Skipping forward to our own time, the reality that our public life is dominated by issues and events rooted in various kinds of religious belief is undeniable. Yet, far too many commentators seem unwilling, or unable, to grant this reality, or at any rate to discuss it in an intelligent manner. Even the website
GetReligion.org, dedicated as it is to fleshing out half-assed religious journalism, doesn't always get to the heart of the matter as it explores various questions and issues and even quotes before us. It would be nice, to be sure, if journalists whose job it is to make sense of various events, could be a little more interested in the relationships among religious belief, religious practice, and public events from the profound to the horrific. Yet, again, this inability on the part of journalists is less evidence of the efficacy of religious belief and simply more evidence of the fracturing of a common vocabulary on any number of topics.
Directly, I think the insistence that religion as a viable human personal and collective option is no longer sustainable, either intellectually or existentially, is demonstrably false. Look around the world, or even one's own community.
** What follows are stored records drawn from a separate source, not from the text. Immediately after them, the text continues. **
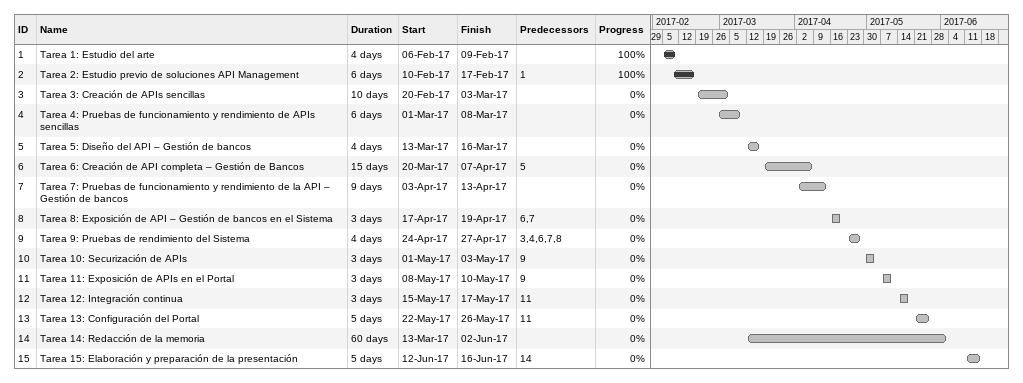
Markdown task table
| ID | Task | Duration | Start | Finish | Predecessors | % complete |
|---|---|---|---|---|---|---|
| 1 | Tarea 1: Estudio del arte | 4d | 2017-02-06 | 2017-02-09 |  | 100 |
| 2 | Tarea 2: Estudio previo de soluciones API Management | 6d | 2017-02-10 | 2017-02-17 | 1 | 100 |
| 3 | Tarea 3: Creación de APIs sencillas | 10d | 2017-02-20 | 2017-03-03 |  | 0 |
| 4 | Tarea 4: Pruebas de funcionamiento y rendimiento de APIs sencillas | 6d | 2017-03-01 | 2017-03-08 |  | 0 |
| 5 | Tarea 5: Diseño del API – Gestión de bancos | 4d | 2017-03-13 | 2017-03-16 |  | 0 |
| 6 | Tarea 6: Creación de API completa – Gestión de Bancos | 15d | 2017-03-20 | 2017-04-07 | 5 | 0 |
| 7 | Tarea 7: Pruebas de funcionamiento y rendimiento de la API – Gestión de bancos | 9d | 2017-04-03 | 2017-04-13 |  | 0 |
| 8 | Tarea 8: Exposición de API – Gestión de bancos en el Sistema | 3d | 2017-04-17 | 2017-04-19 | 6, 7 | 0 |
| 9 | Tarea 9: Pruebas de rendimiento del Sistema | 4d | 2017-04-24 | 2017-04-27 | 3, 4, 6, 7, 8 | 0 |
| 10 | Tarea 10: Securización de APIs | 3d | 2017-05-01 | 2017-05-03 | 9 | 0 |
| 11 | Tarea 11: Exposición de APIs en el Portal | 3d | 2017-05-08 | 2017-05-10 | 9 | 0 |
| 12 | Tarea 12: Integración continua | 3d | 2017-05-15 | 2017-05-17 | 11 | 0 |
| 13 | Tarea 13: Configuración del Portal | 5d | 2017-05-22 | 2017-05-26 | 11 | 0 |
| 14 | Tarea 14: Redacción de la memoria | 60d | 2017-03-13 | 2017-06-02 |  | 0 |
| 15 | Tarea 15: Elaboración y preparación de la presentación | 5d | 2017-06-12 | 2017-06-16 | 14 | 0 |

Indirectly, I believe its repetition, while certainly heartening to the person who holds that view, is evidence that, despite his or her best intentions, it just can't be sustained in the wake of massive evidence to the contrary. While it might be an overall social benefit for religious beliefs of all sorts to just fade away (yet, I'm not sure how that argument makes any sense, considering that officially atheist societies have been, in the previous century, the perpetrators of the most horrific acts of cruelty against their own and other populations), I see no evidence whatsoever that this is going to happen any time soon. Refusing to grasp that fundamental reality, self-declared intellectuals sideline themselves, in many ways, from serious, on-going discussions of public import. While this may give them a sense of their own heroic advantage to we benighted few who still profess some kind of belief in this or that religious tradition, it makes what they say less relevant, and less intellectually honest than it might otherwise be.